Note every line in the entries that contains the string "Gothic", and copy it.

Items from a dataset:
##############################

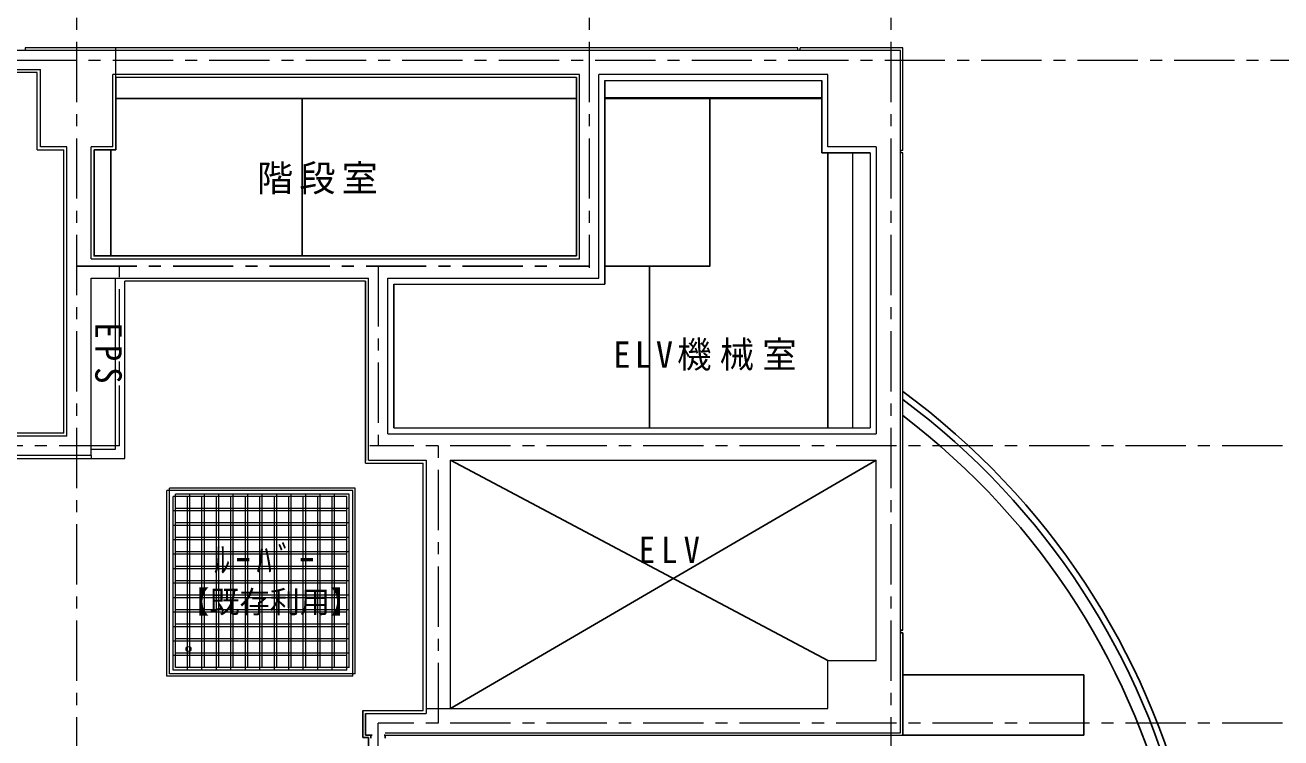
# Model space of a CAD drawing. Units: millimetres at full size, sheet at 1:100; details may follow other scales. Extents: x -23667 to 27051, y -14471 to 15029.
# Drawn here: x -449 to 9962, y 2157 to 8069 of the extents above; entities that cross this region are included whole.
import ezdxf
from ezdxf.enums import TextEntityAlignment as Align

# ---------------------------------------------------------------- set-up
doc = ezdxf.new("R2010")
doc.units = ezdxf.units.MM
doc.header["$LTSCALE"] = 100
doc.linetypes.add('CHAIN1', pattern=[8, 5, -1, 1, -1])
doc.layers.add('4-0', color=4, linetype='Continuous', lineweight=18)
for name, color, linetype in [('4-2', 7, 'Continuous'), ('4-7', 3, 'Continuous'), ('4-A', 3, 'Continuous'), ('4-C', 7, 'Continuous')]:
    doc.layers.add(name, color=color, linetype=linetype)
doc.styles.add('@ＭＳ ゴシック', font='')
doc.styles.add('ＭＳ ゴシック', font='')
doc.styles.get('@ＭＳ ゴシック').set_extended_font_data('@MS Gothic')
doc.styles.get('ＭＳ ゴシック').set_extended_font_data('MS Gothic')

msp = doc.modelspace()

# ---------------------------------------------------------------- linework, layer by layer
at = {"layer": '4-0', "linetype": 'CHAIN1'}
for p, q in [((-23.2, 10329.2), (-23.2, -9770.8)), ((4226.8, 10329.2), (4226.8, 6054.1)), ((6726.8, 10329.2), (6726.8, -9770.8)), ((-17323.2, 7779.2), (12374, 7779.2)), ((331.8, 4579.2), (331.8, 6069.2)), ((2476.8, 6069.2), (2476.8, 4579.2)), ((331.8, 4579.2), (-5773.2, 4579.2)), ((12374, 4579.2), (2407.6, 4579.2)), ((2976.8, 2279.2), (2976.8, 4579.2)), ((2476.8, -2210.8), (2476.8, 2279.2)), ((12374, 2279.2), (2476.8, 2279.2))]:
    msp.add_line(p, q, dxfattribs=at)
at = {"layer": '4-0'}
for p, q in [((6806.8, 7859.2), (-11973.2, 7859.2)), ((6806.8, 2199.2), (6806.8, 7859.2)), ((-6253.2, 7699.2), (-323.2, 7699.2)), ((-323.2, 7059.2), (-323.2, 7699.2)), ((276.8, 7059.2), (276.8, 7659.2)), ((4146.8, 7659.2), (276.8, 7659.2)), ((4146.8, 6129.2), (4146.8, 7659.2)), ((6206.8, 7659.2), (4306.8, 7659.2)), ((4306.8, 5969.2), (4306.8, 7659.2)), ((6206.8, 7059.2), (6206.8, 7659.2)), ((6156.8, 7464.2), (4356.8, 7464.2)), ((-103.2, 7059.2), (-323.2, 7059.2)), ((-103.2, 4659.2), (-103.2, 7059.2)), ((276.8, 7059.2), (96.8, 7059.2)), ((96.8, 6129.2), (96.8, 7059.2)), ((6606.8, 7059.2), (6206.8, 7059.2)), ((6411.8, 4729.2), (6411.8, 7009.2)), ((6606.8, 7059.2), (6606.8, 4679.2)), ((96.8, 6129.2), (4146.8, 6129.2)), ((299.3, 5969.2), (2396.8, 5969.2)), ((2396.8, 4459.2), (2396.8, 5969.2)), ((2556.8, 5969.2), (4306.8, 5969.2)), ((2556.8, 4679.2), (2556.8, 5969.2)), ((-103.2, 4659.2), (-1568.2, 4659.2)), ((2556.8, 4679.2), (6606.8, 4679.2)), ((6826.8, 3049.2), (6826.8, 4679.2)), ((96.8, 4499.2), (-1568.2, 4499.2)), ((96.8, 4499.2), (96.8, 4551.7)), ((96.8, 4499.2), (96.8, 4474.2)), ((2396.8, 4459.2), (2876.8, 4459.2)), ((2876.8, 4459.2), (2876.8, 2399.2)), ((6806.8, 3049.2), (6826.8, 3049.2)), ((6806.8, 3049.2), (6806.8, 3029.2)), ((6806.8, 3029.2), (6826.8, 3029.2)), ((6826.8, 2179.2), (6826.8, 3029.2)), ((2876.8, 2399.2), (2876.8, 2359.2)), ((2371.8, 2359.2), (2876.8, 2359.2)), ((2536.8, 2199.2), (6806.8, 2199.2)), ((6826.8, 2179.2), (6986.8, 2179.2))]:
    msp.add_line(p, q, dxfattribs=at)
at = {"layer": '4-0', "color": 3}
for p, q in [((-448.2, 7859.2), (-468.2, 7859.2)), ((-448.2, 7879.2), (-448.2, 7859.2)), ((5956.8, 7879.2), (-448.2, 7879.2)), ((301.8, 7034.2), (301.8, 7879.2)), ((5956.8, 7859.2), (5956.8, 7879.2)), ((5976.8, 7859.2), (5956.8, 7859.2)), ((6826.8, 7879.2), (5976.8, 7879.2)), ((5976.8, 7859.2), (5976.8, 7879.2)), ((6826.8, 7029.2), (6826.8, 7879.2)), ((-348.2, 7674.2), (-3013.2, 7674.2)), ((-348.2, 7034.2), (-348.2, 7674.2)), ((4121.8, 7634.2), (301.8, 7634.2)), ((4121.8, 6154.2), (4121.8, 7634.2)), ((4356.8, 5919.2), (4356.8, 7609.2)), ((4356.8, 7609.2), (6156.8, 7609.2)), ((6156.8, 7609.2), (6156.8, 7009.2)), ((-348.2, 7034.2), (-128.2, 7034.2)), ((-128.2, 4684.2), (-128.2, 7034.2)), ((121.8, 6154.2), (121.8, 7034.2)), ((301.8, 7034.2), (121.8, 7034.2)), ((6556.8, 7009.2), (6156.8, 7009.2)), ((6556.8, 7009.2), (6556.8, 4729.2)), ((6826.8, 7029.2), (6806.8, 7029.2)), ((6806.8, 7029.2), (6806.8, 7009.2)), ((6826.8, 7009.2), (6806.8, 7009.2)), ((6826.8, 3049.2), (6826.8, 7009.2)), ((121.8, 6154.2), (4121.8, 6154.2)), ((96.8, 5969.2), (299.3, 5969.2)), ((96.8, 4551.7), (96.8, 5969.2)), ((299.3, 4551.7), (299.3, 5969.2)), ((2371.8, 5944.2), (376.8, 5944.2)), ((376.8, 4474.2), (376.8, 5944.2)), ((2371.8, 4434.2), (2371.8, 5944.2)), ((2606.8, 5919.2), (4356.8, 5919.2)), ((2606.8, 4729.2), (2606.8, 5919.2)), ((2606.8, 4729.2), (6556.8, 4729.2)), ((-128.2, 4684.2), (-1557, 4684.2)), ((96.8, 4551.7), (299.3, 4551.7)), ((-1568.2, 4474.2), (96.8, 4474.2)), ((96.8, 4474.2), (376.8, 4474.2)), ((2371.8, 4434.2), (2851.8, 4434.2)), ((2851.8, 2384.2), (2851.8, 4434.2)), ((3076.8, 2399.2), (3076.8, 4459.2)), ((3076.8, 4459.2), (6606.8, 4459.2)), ((6606.8, 2799.2), (6606.8, 4459.2)), ((6806.8, 3049.2), (6826.8, 3049.2)), ((6806.8, 3049.2), (6806.8, 3029.2)), ((6806.8, 3029.2), (6826.8, 3029.2)), ((6826.8, 2179.2), (6826.8, 3029.2)), ((6206.8, 2799.2), (6606.8, 2799.2)), ((6206.8, 2399.2), (6206.8, 2799.2)), ((2876.8, 2399.2), (3076.8, 2399.2)), ((3076.8, 2399.2), (6206.8, 2399.2)), ((2351.8, 2384.2), (2851.8, 2384.2)), ((2536.8, 2179.2), (6826.8, 2179.2))]:
    msp.add_line(p, q, dxfattribs=at)
at = {"layer": '4-0', "color": 134}
for p, q in [((2266.8, 4209.2), (726.8, 4209.2)), ((746.8, 2689.2), (746.8, 4229.2)), ((2286.8, 4229.2), (746.8, 4229.2)), ((796.8, 2739.2), (796.8, 4179.2)), ((2236.8, 4179.2), (796.8, 4179.2)), ((916.8, 2739.2), (916.8, 4179.2)), ((1036.8, 2739.2), (1036.8, 4179.2)), ((1156.8, 2739.2), (1156.8, 4179.2)), ((1276.8, 2739.2), (1276.8, 4179.2)), ((1396.8, 2739.2), (1396.8, 4179.2)), ((1516.8, 2739.2), (1516.8, 4179.2)), ((1636.8, 2739.2), (1636.8, 4179.2)), ((1756.8, 2739.2), (1756.8, 4179.2)), ((1876.8, 2739.2), (1876.8, 4179.2)), ((1996.8, 2739.2), (1996.8, 4179.2)), ((2116.8, 2739.2), (2116.8, 4179.2)), ((2236.8, 2739.2), (2236.8, 4179.2)), ((2266.8, 2669.2), (2266.8, 4209.2)), ((2286.8, 2689.2), (2286.8, 4229.2)), ((776.8, 2719.2), (776.8, 4159.2)), ((2216.8, 4159.2), (776.8, 4159.2)), ((896.8, 2719.2), (896.8, 4159.2)), ((1016.8, 2719.2), (1016.8, 4159.2)), ((1136.8, 2719.2), (1136.8, 4159.2)), ((1256.8, 2719.2), (1256.8, 4159.2)), ((1376.8, 2719.2), (1376.8, 4159.2)), ((1496.8, 2719.2), (1496.8, 4159.2)), ((1616.8, 2719.2), (1616.8, 4159.2)), ((1736.8, 2719.2), (1736.8, 4159.2)), ((1856.8, 2719.2), (1856.8, 4159.2)), ((1976.8, 2719.2), (1976.8, 4159.2)), ((2096.8, 2719.2), (2096.8, 4159.2)), ((2216.8, 2719.2), (2216.8, 4159.2)), ((2216.8, 4039.2), (776.8, 4039.2)), ((2236.8, 4059.2), (796.8, 4059.2)), ((2216.8, 3919.2), (776.8, 3919.2)), ((2236.8, 3939.2), (796.8, 3939.2)), ((2216.8, 3799.2), (776.8, 3799.2)), ((2236.8, 3819.2), (796.8, 3819.2)), ((2216.8, 3679.2), (776.8, 3679.2)), ((2236.8, 3699.2), (796.8, 3699.2)), ((2216.8, 3559.2), (776.8, 3559.2)), ((2236.8, 3579.2), (796.8, 3579.2)), ((2216.8, 3439.2), (776.8, 3439.2)), ((2236.8, 3459.2), (796.8, 3459.2)), ((2236.8, 3339.2), (796.8, 3339.2)), ((2216.8, 3319.2), (776.8, 3319.2)), ((2216.8, 3199.2), (776.8, 3199.2)), ((2236.8, 3219.2), (796.8, 3219.2)), ((2216.8, 3079.2), (776.8, 3079.2)), ((2236.8, 3099.2), (796.8, 3099.2)), ((2216.8, 2959.2), (776.8, 2959.2)), ((2236.8, 2979.2), (796.8, 2979.2)), ((2216.8, 2839.2), (776.8, 2839.2)), ((2236.8, 2859.2), (796.8, 2859.2)), ((2216.8, 2719.2), (776.8, 2719.2)), ((2236.8, 2739.2), (796.8, 2739.2)), ((2286.8, 2689.2), (746.8, 2689.2))]:
    msp.add_line(p, q, dxfattribs=at)
msp.add_lwpolyline([(2266.8, 2669.2), (726.8, 2669.2), (726.8, 4209.2)], dxfattribs=at)
msp.add_circle((904.7, 2894), 20, dxfattribs=at)
at = {"layer": '4-2'}
for p, q in [((6806.8, 3049.2), (6806.8, 3029.2)), ((6806.8, 3049.2), (6826.8, 3049.2)), ((6806.8, 3029.2), (6826.8, 3029.2)), ((6826.8, 2179.2), (6826.8, 3029.2)), ((6826.8, 2679.2), (8326.8, 2679.2)), ((8326.8, 2679.2), (8326.8, 2179.2)), ((6826.8, 2179.2), (8326.8, 2179.2))]:
    msp.add_line(p, q, dxfattribs=at)
for centre, radius, start, end in [((3158.2, 29.2), 6201.5, 333.41855, 53.7313), ((3166.2, 29.2), 6143.5, 333.14743, 53.4265), ((3183, 29.2), 6026.7, 332.58364, 52.79912)]:
    msp.add_arc(centre, radius, start, end, dxfattribs=at)
at = {"layer": '4-7', "color": 4}
for p, q in [((3076.8, 4459.2), (6206.8, 2799.2)), ((6606.8, 4459.2), (3076.8, 2399.2))]:
    msp.add_line(p, q, dxfattribs=at)
at = {"layer": '4-C'}
for p, q in [((301.8, 7034.2), (301.8, 7634.2)), ((4121.8, 6154.2), (4121.8, 7634.2)), ((4356.8, 5919.2), (4356.8, 7609.2)), ((6156.8, 7609.2), (6156.8, 7009.2)), ((4121.8, 7459.2), (301.8, 7459.2)), ((1846.8, 6154.2), (1846.8, 7459.2)), ((6156.8, 7459.2), (4356.8, 7459.2)), ((301.8, 7034.2), (121.8, 7034.2)), ((261.8, 6154.2), (261.8, 7034.2)), ((6556.8, 7009.2), (6156.8, 7009.2)), ((6206.8, 7009.2), (6206.8, 4729.2)), ((4726.8, 4729.2), (4726.8, 6069.2)), ((2371.8, 5944.2), (2371.8, 4454.2)), ((2606.8, 4729.2), (2606.8, 5919.2)), ((2351.8, 2159.2), (2351.8, 2384.2)), ((2371.8, 2179.2), (2371.8, 2359.2)), ((2396.8, 2159.2), (2351.8, 2159.2)), ((2416.8, 2179.2), (2371.8, 2179.2)), ((2396.8, 1244.2), (2396.8, 2159.2)), ((2416.8, 2179.2), (2426.8, 2179.2)), ((2416.8, 2154.2), (2416.8, 2179.2)), ((2526.8, 2179.2), (2536.8, 2179.2)), ((2536.8, 2179.2), (2536.8, 2154.2))]:
    msp.add_line(p, q, dxfattribs=at)
at = {"layer": '4-C', "color": 4, "linetype": 'CHAIN1'}
msp.add_line((-23.2, 6069.2), (4226.8, 6069.2), dxfattribs=at)
at = {"layer": '4-C'}
for points in [[(4356.8, 6069.2), (5226.8, 6069.2), (5226.8, 7459.2)], [(4121.8, 6154.2), (121.8, 6154.2), (121.8, 7034.2)]]:
    msp.add_lwpolyline(points, dxfattribs=at)

# ---------------------------------------------------------------- texts
at = {"layer": '4-0', "color": 3, "char_height": 219.9, "attachment_point": 7, "style": 'ＭＳ ゴシック'}
for s, insert in [('\\T1.17;階段室', (1473, 6664.9)), ('\\T1.24;\\W0.95;ELV機械室', (4427.4, 5201.7)), ('\\T1.38;\\W0.9;ELV', (4638.7, 3606.8))]:
    msp.add_mtext(s, dxfattribs=dict(at, insert=insert))
at = {"layer": '4-0', "color": 3, "insert": (128.4, 5602.3), "char_height": 219.9, "attachment_point": 7, "rotation": 270, "style": '@ＭＳ ゴシック'}
msp.add_mtext('\\T1.38;\\W0.9;EPS', dxfattribs=at)
at = {"layer": '4-7', "style": 'ＭＳ ゴシック'}
msp.add_text('【既存利用】', height=183.3, dxfattribs=at).set_placement((828.5, 3138.1), align=Align.BOTTOM_LEFT)
at = {"layer": '4-A', "insert": (1117.9, 3518.2), "char_height": 219.9, "attachment_point": 7, "style": 'ＭＳ ゴシック'}
msp.add_mtext('\\T1.38;\\W0.85;ﾙｰﾊﾞｰ', dxfattribs=at)

doc.saveas('drawing.dxf')

##############################

OUTPUT OF THE TASK:
doc.styles.get('@ＭＳ ゴシック').set_extended_font_data('@MS Gothic')
doc.styles.get('ＭＳ ゴシック').set_extended_font_data('MS Gothic')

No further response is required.